For the most basic interpretation of analysis results, every FacileAnalysisResult object provides its results in tabular form via a tidy() function. For instance, tidy(pca) will provide the coordinates of the asamples used as its input in the lower dimensional space over the principal components:

tidy(pca)

The ranks(fpca()) function produces a table of features that are highly loaded along the PCs calculated. signature(fpca()) produces a summary of the ranks, by taking the ntop features positively and negatively loaded on each PC.

signature(pca, ntop = 10) |> 
  tidy() |> 
  select(name, symbol, feature_id, score)

Deep Interaction via shine()

Using shiny to provide interactive modules that have access to all of the data in the FacileDataSet provides the richest and most interactive way to explore the results of an analysis.

For a FacilePcaAnalysisResult, the shine() method presents the user with a shiny gadget that providesa an interactive scatter plot of the samples over the PC's of choice. The scatterplot can be modified by mapping the various sample-level covariates to the aesthetics of the plot. Furthermore, the user is presented with the features (genes) that are loaded most highly along each principal component.

shine(pca)

:::tip Users can also perform a gene set enrichment analysis (GSEA) over dimensions of an fpca() result using the ffsea() function, as shown below, to better interpret what biological processes the PC's might be associated with. :::

Embeddable interactive graphics with viz()

We can embed a javascript-powered interactive scatter plot of the pca result using the viz function. We use the color_aes and shape_aes, we can map the same sample-level covariates to aeshtetics in the plot produced.

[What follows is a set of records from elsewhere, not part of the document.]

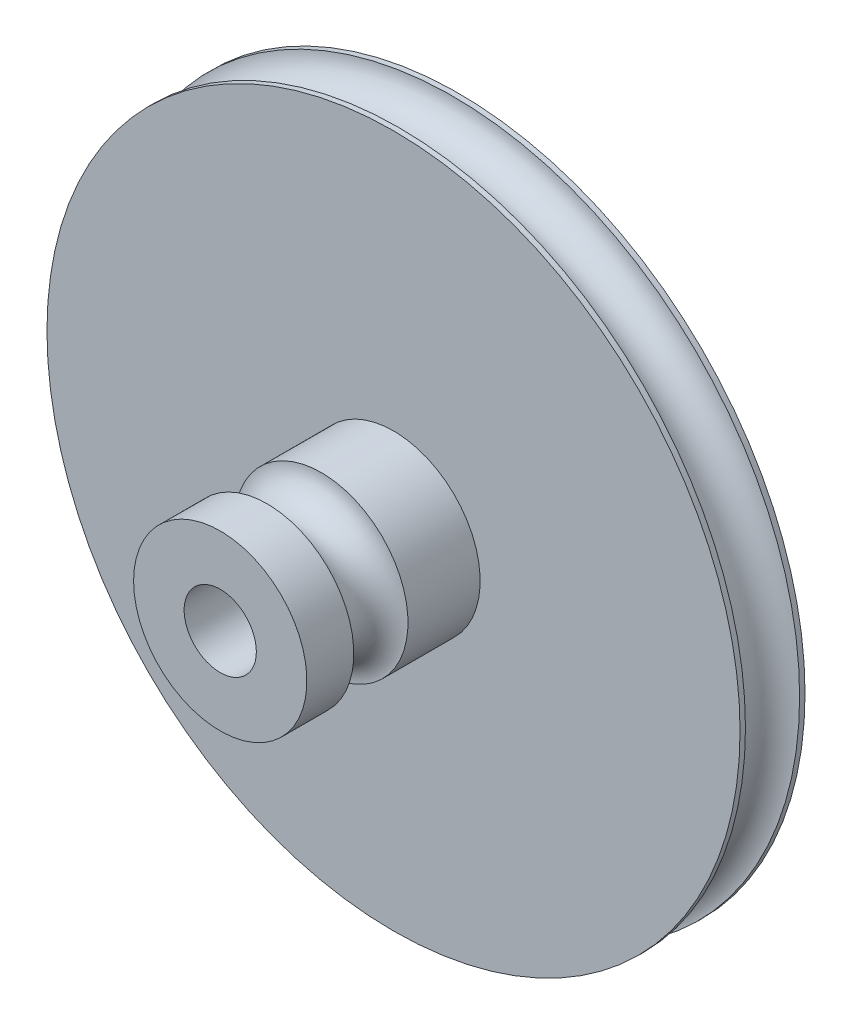
SolidWorks part; units mm, degrees
material "Custom Plastic"
ref_plane "Front Plane" through (0, 0, 0) normal (0, 0, 1) x (1, 0, 0)
ref_plane "Top Plane" through (0, 0, 0) normal (0, 1, 0) x (1, 0, 0)
ref_plane "Right Plane" through (0, 0, 0) normal (1, 0, 0) x (0, 0, -1)
sketch "Sketch1" plane through (0, 0, 0) normal (0, 0, 1) x (1, 0, 0)
  circle A0 centre (0, 0) radius 1.5875
  circle A1 centre (0, 0) radius 15.24
  dimension "D1" = 3.175
  dimension "D2" = 30.48
extrude "Boss-Extrude1" add sketch "Sketch1" along normal blind 2.8575 from offset 5.08 offset against normal yes
sketch "Sketch2" plane through (0, 0, -2.2225) normal (0, 0, 1) x (1, 0, 0)
  circle A0 centre (0, 0) radius 3.81
  circle A1 centre (0, 0) radius 1.5875
  circle A2 centre (0, 0) radius 1.5875 construction
  dimension "D1" = 7.62
extrude "Boss-Extrude2" add sketch "Sketch2" along normal blind 7.62
sketch "Sketch3" plane through (0, 0, 0) normal (0, 1, 0) x (1, 0, 0)
  line L0 (3.81, -5.3975) -> (3.81, 2.2225) construction
  line L1 (15.24, 2.2225) -> (15.24, 5.08) construction
  line L2 (-3.81, -5.3975) -> (3.81, -5.3975) construction
  circle A0 centre (3.81, -2.1431) radius 1.1906
  circle A1 centre (15.24, 3.6513) radius 1.1906
  dimension "D1" = 2.3813
  dimension "D2" = 2.3813
  dimension "D3" = 3.2544
revolve "Cut-Revolve1" cut sketch "Sketch3" angle 360 about axis through (0, 0, -2.2225) along (0, 0, -1)
equation "\"D3@Sketch3\"=\"D2@Sketch3\"/2+0.08125"
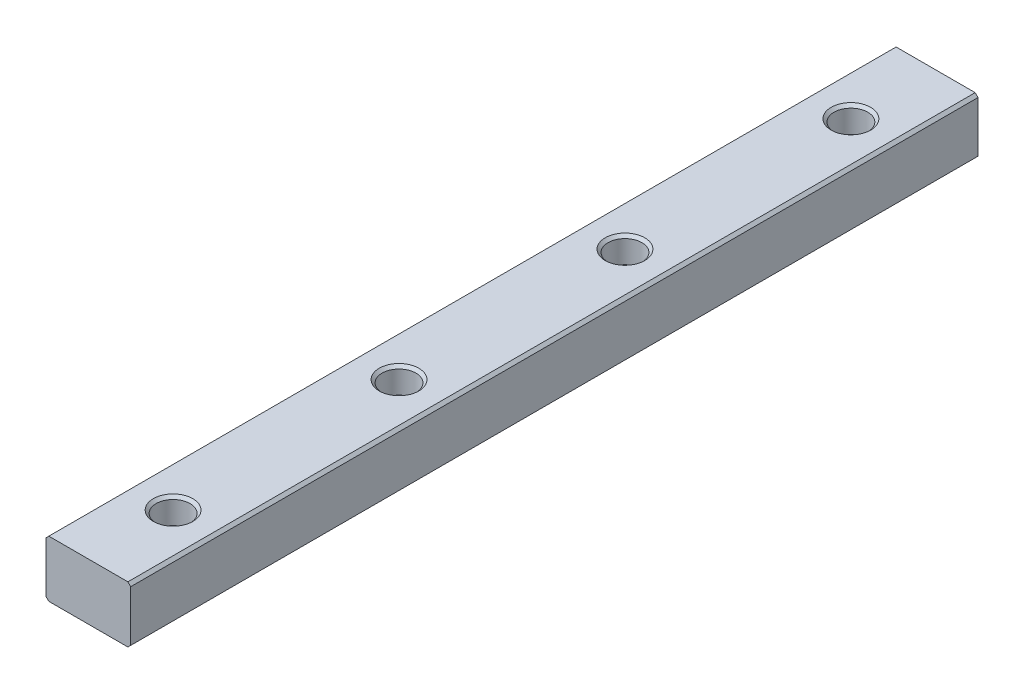
SolidWorks part; units mm, degrees
ref_plane "Front Plane" through (0, 0, 0) normal (0, 0, 1) x (1, 0, 0)
ref_plane "Top Plane" through (0, 0, 0) normal (0, 1, 0) x (1, 0, 0)
ref_plane "Right Plane" through (0, 0, 0) normal (1, 0, 0) x (0, 0, -1)
sketch "Sketch1" plane through (0, 0, 0) normal (0, 0, 1) x (1, 0, 0)
  line L1 (7.5, -5) -> (-7.5, -5)
  line L2 (7.5, -5) -> (7.5, 5)
  line L3 (7.5, 5) -> (-7.5, 5)
  line L4 (-7.5, -5) -> (-7.5, 5)
  line L5 (7.5, -5) -> (-7.5, 5) construction
  line L6 (7.5, 5) -> (-7.5, -5) construction
  point P0 (0, 0)
  dimension "D1" = 15
  dimension "D2" = 10
extrude "Boss-Extrude1" add sketch "Sketch1" along normal mid plane 150
sketch "Sketch2" plane through (0, 5, 0) normal (0, 1, 0) x (1, 0, 0)
  line L0 (0, -1000) -> (0, 49000) construction
  line L1 (-1000, -60) -> (49000, -60) construction
  line L2 (7.5, -75) -> (-7.5, -75) construction
  circle A0 centre (0, -60) radius 3
  dimension "D2" = 6
  dimension "D1" = 15
extrude "Cut-Extrude1" cut sketch "Sketch2" against normal blind 4.5
sketch "Sketch3" plane through (0, 0.5, 0) normal (0, 1, 0) x (1, 0, 0)
  circle A0 centre (0, -60) radius 1.75
  dimension "D1" = 3.5
extrude "Cut-Extrude2" cut sketch "Sketch3" against normal through all
chamfer "Chamfer1" distance 0.5 angle 45 2 edges at (-3, 5, 60) (-1.75, -5, 60)
pattern_linear "LPattern1" count 4 spacing 40 along (0, 0, -1) of "Cut-Extrude1", "Cut-Extrude2", "Chamfer1"
chamfer "Chamfer2" distance 0.5 angle 45 4 edges at (-7.5, -5, 0) (7.5, -5, 0) (7.5, 5, 0) (-7.5, 5, 0)
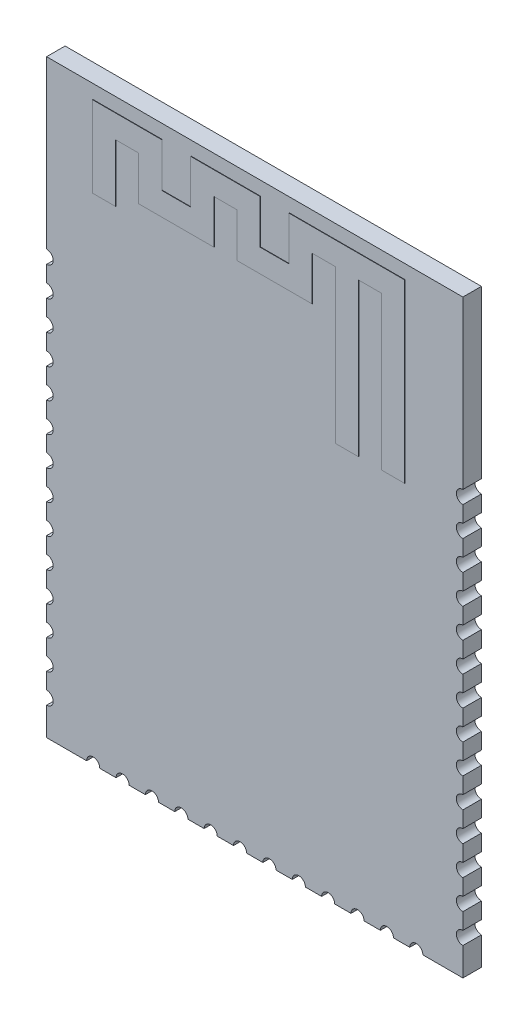
SolidWorks part; units mm, degrees
ref_plane "Přední rovina" through (0, 0, 0) normal (0, 0, 1) x (1, 0, 0)
ref_plane "Horní rovina" through (0, 0, 0) normal (0, 1, 0) x (1, 0, 0)
ref_plane "Pravá rovina" through (0, 0, 0) normal (1, 0, 0) x (0, 0, -1)
sketch "Skica1" plane through (0, 0, 0) normal (0, 0, 1) x (1, 0, 0)
  line L1 (9, -9.6) -> (-9, -9.6)
  line L2 (9, -9.6) -> (9, 9.6)
  line L3 (9, 9.6) -> (-9, 9.6)
  line L4 (-9, -9.6) -> (-9, 9.6)
  line L5 (9, -9.6) -> (-9, 9.6) construction
  line L6 (9, 9.6) -> (-9, -9.6) construction
  point P0 (0, 0)
  dimension "D1" = 18
  dimension "D2" = 19.2
extrude "body_small" add sketch "Skica1" along normal blind 0.8
sketch "Skica2" plane through (0, 0, 0) normal (0, 0, -1) x (-1, 0, 0)
  line L0 (-9, 9.6) -> (9, 9.6) construction
  line L1 (9, 9.6) -> (-9, 9.6)
  line L2 (9, 9.6) -> (9, 15.9)
  line L3 (9, 15.9) -> (-9, 15.9)
  line L4 (-9, 9.6) -> (-9, 15.9)
  line L5 (9, -9.6) -> (-9, -9.6) construction
  dimension "D1" = 25.5
extrude "body_extension" add sketch "Skica2" against normal up to surface (0.8 mm away) up to face at (0, 0, 0.8)
sketch "Skica3" plane through (0, 0, 0.8) normal (0, 0, 1) x (1, 0, 0)
  line L0 (-9, -9.6) -> (9, -9.6) construction
  line L1 (-9, 15.9) -> (-9, -9.6) construction
  line L2 (9, -9.6) -> (9, 15.9) construction
  line L3 (-9, -8.1) -> (-9, -6.83) construction
  line L4 (-6.985, -9.6) -> (-5.715, -9.6) construction
  line L5 (-0.635, -9.6) -> (0, -9.6) construction
  line L6 (0, -9.6) -> (0.635, -9.6) construction
  line L7 (0, -9.6) -> (0, 0) construction
  circle A0 centre (-6.985, -9.6) radius 0.284
  circle A1 centre (-9, -8.1) radius 0.284
  circle A2 centre (9, -8.1) radius 0.284
  circle A3 centre (-9, -6.83) radius 0.284
  circle A4 centre (9, -6.83) radius 0.284
  circle A5 centre (-9, -5.56) radius 0.284
  circle A6 centre (9, -5.56) radius 0.284
  circle A7 centre (-9, -4.29) radius 0.284
  circle A8 centre (9, -4.29) radius 0.284
  circle A9 centre (-9, -3.02) radius 0.284
  circle A10 centre (9, -3.02) radius 0.284
  circle A11 centre (-9, -1.75) radius 0.284
  circle A12 centre (9, -1.75) radius 0.284
  circle A13 centre (-9, -0.48) radius 0.284
  circle A14 centre (9, -0.48) radius 0.284
  circle A15 centre (-9, 0.79) radius 0.284
  circle A16 centre (9, 0.79) radius 0.284
  circle A17 centre (-9, 2.06) radius 0.284
  circle A18 centre (9, 2.06) radius 0.284
  circle A19 centre (-9, 3.33) radius 0.284
  circle A20 centre (9, 3.33) radius 0.284
  circle A21 centre (-9, 4.6) radius 0.284
  circle A22 centre (9, 4.6) radius 0.284
  circle A23 centre (-9, 5.87) radius 0.284
  circle A24 centre (9, 5.87) radius 0.284
  circle A25 centre (-9, 7.14) radius 0.284
  circle A26 centre (9, 7.14) radius 0.284
  circle A27 centre (-9, 8.41) radius 0.284
  circle A28 centre (9, 8.41) radius 0.284
  circle A29 centre (-5.715, -9.6) radius 0.284
  circle A30 centre (-4.445, -9.6) radius 0.284
  circle A31 centre (-3.175, -9.6) radius 0.284
  circle A32 centre (-1.905, -9.6) radius 0.284
  circle A33 centre (-0.635, -9.6) radius 0.284
  circle A34 centre (0.635, -9.6) radius 0.284
  circle A35 centre (1.905, -9.6) radius 0.284
  circle A36 centre (3.175, -9.6) radius 0.284
  circle A37 centre (4.445, -9.6) radius 0.284
  circle A38 centre (5.715, -9.6) radius 0.284
  circle A39 centre (6.985, -9.6) radius 0.284
  dimension "D6" = 0.568
  dimension "D2" = 1.27
  dimension "D4" = 1.27
  dimension "D5" = 13.97
  dimension "D7" = 16.51
  dimension "D8" = 1.5
  dimension "D1" = 14
  dimension "D3" = 12
extrude "vias" cut sketch "Skica3" against normal through all
sketch "Skica4" plane through (0, 0, 0.8) normal (0, 0, 1) x (1, 0, 0)
  line L0 (-7, 11.8) -> (-6, 11.8)
  line L1 (-6, 11.8) -> (-6, 14.3)
  line L2 (-6, 14.3) -> (-5, 14.3)
  line L3 (-5, 14.3) -> (-5, 12.4)
  line L4 (-5, 12.4) -> (-1.75, 12.4)
  line L5 (-1.75, 12.4) -> (-1.75, 14.3)
  line L6 (-1.75, 14.3) -> (-0.75, 14.3)
  line L7 (-0.75, 14.3) -> (-0.75, 12.4)
  line L8 (-0.75, 12.4) -> (2.5, 12.4)
  line L9 (2.5, 12.4) -> (2.5, 14.3)
  line L10 (2.5, 14.3) -> (3.5, 14.3)
  line L11 (3.5, 14.3) -> (3.5, 7.68)
  line L12 (3.5, 7.68) -> (4.5, 7.68)
  line L13 (4.5, 7.68) -> (4.5, 14.3)
  line L14 (4.5, 14.3) -> (5.5, 14.3)
  line L15 (5.5, 14.3) -> (5.5, 7.68)
  line L16 (5.5, 7.68) -> (6.5, 7.68)
  line L17 (6.5, 7.68) -> (6.5, 15.3)
  line L18 (6.5, 15.3) -> (1.5, 15.3)
  line L19 (1.5, 15.3) -> (1.5, 13.4)
  line L20 (1.5, 13.4) -> (0.25, 13.4)
  line L21 (0.25, 13.4) -> (0.25, 15.3)
  line L22 (0.25, 15.3) -> (-2.75, 15.3)
  line L23 (-2.75, 15.3) -> (-2.75, 13.4)
  line L24 (-2.75, 13.4) -> (-4, 13.4)
  line L25 (-4, 13.4) -> (-4, 15.3)
  line L26 (-4, 15.3) -> (-7, 15.3)
  line L27 (-7, 15.3) -> (-7, 11.8)
  line L28 (-9, 15.9) -> (-9, 8.694) construction
  line L29 (9, 8.694) -> (9, 15.9) construction
  line L30 (-9, 15.9) -> (9, 15.9) construction
  dimension "D1" = 2
  dimension "D2" = 2.5
  dimension "D3" = 5
  dimension "D4" = 3
  dimension "D5" = 3
  dimension "D6" = 1
  dimension "D7" = 3.5
  dimension "D8" = 0.6
  dimension "D9" = 1
  dimension "D10" = 1.9
  dimension "D11" = 1
  dimension "D12" = 7.62
extrude "antenna" add sketch "Skica4" along normal blind 0.018

viz(pca, color_aes = "dex", shape_aes = "cell", height = 350, width = 500)

Removing Batch Effects

When we perform the differential expression analysis, we want to analyze the treatment effects ("treatment") while controling for the celltype "cell_line". The data retrieval functions in the core FacileData package allow for batch correction of normalized data using a simplified wrapper to the limma::removeBatchEffect() function (see ?FacileData::remove_batch_effect).

This functionality is triggered when a covariate(s) is provided in a batch argument, as shown in the code below. Note that we set ntop to 5000, which uses the top 5000 most variable genes for analysis (instead of the default 500). We do this to better perform GSEA on the PCA result afterwards.

cpca <- fpca(fdds, assay_name = "vst", batch = "cell", ntop = 5000)
viz(cpca, dims = 1:2, color_aes = "dex", shape_aes = "cell",
     height = 350, width = 500)

Further interrogation of PCA via GSEA

We can even perform GSEA over any dimension of the PCA result via the ffsea() function (Facile Feature Set Enrichment). This will rank genes by their loadings on the specified PC of interest, then perform a pre-ranked gene set enrichment analysis.

The core of our GSEA functionality is provided by the sparrow package. This includes easy accessor functions for geneset collection retrieval (as a sparrow::GeneSetDb object), as well as delegation of GSEA methods for analysis.

:::note By default, limma::cameraPR is used for all of our gene set enrichment analysis methods, but this can be customized via the methods argument in the ffsea() function. :::

gdb <- sparrow::getMSigGeneSetDb("H", species = "human", id.type = "ensembl")
pca.gsea <- ffsea(cpca, gdb, dim = 1)

shine(pca.gsea)

And you can visualize the loadings of the genes from a given geneset on the principal component. We can see that one the top hits is the "smooth muscle contractoin" reactome geneset, which makes sense in the context of a cellular response from steroid (dexamethasone) treatment.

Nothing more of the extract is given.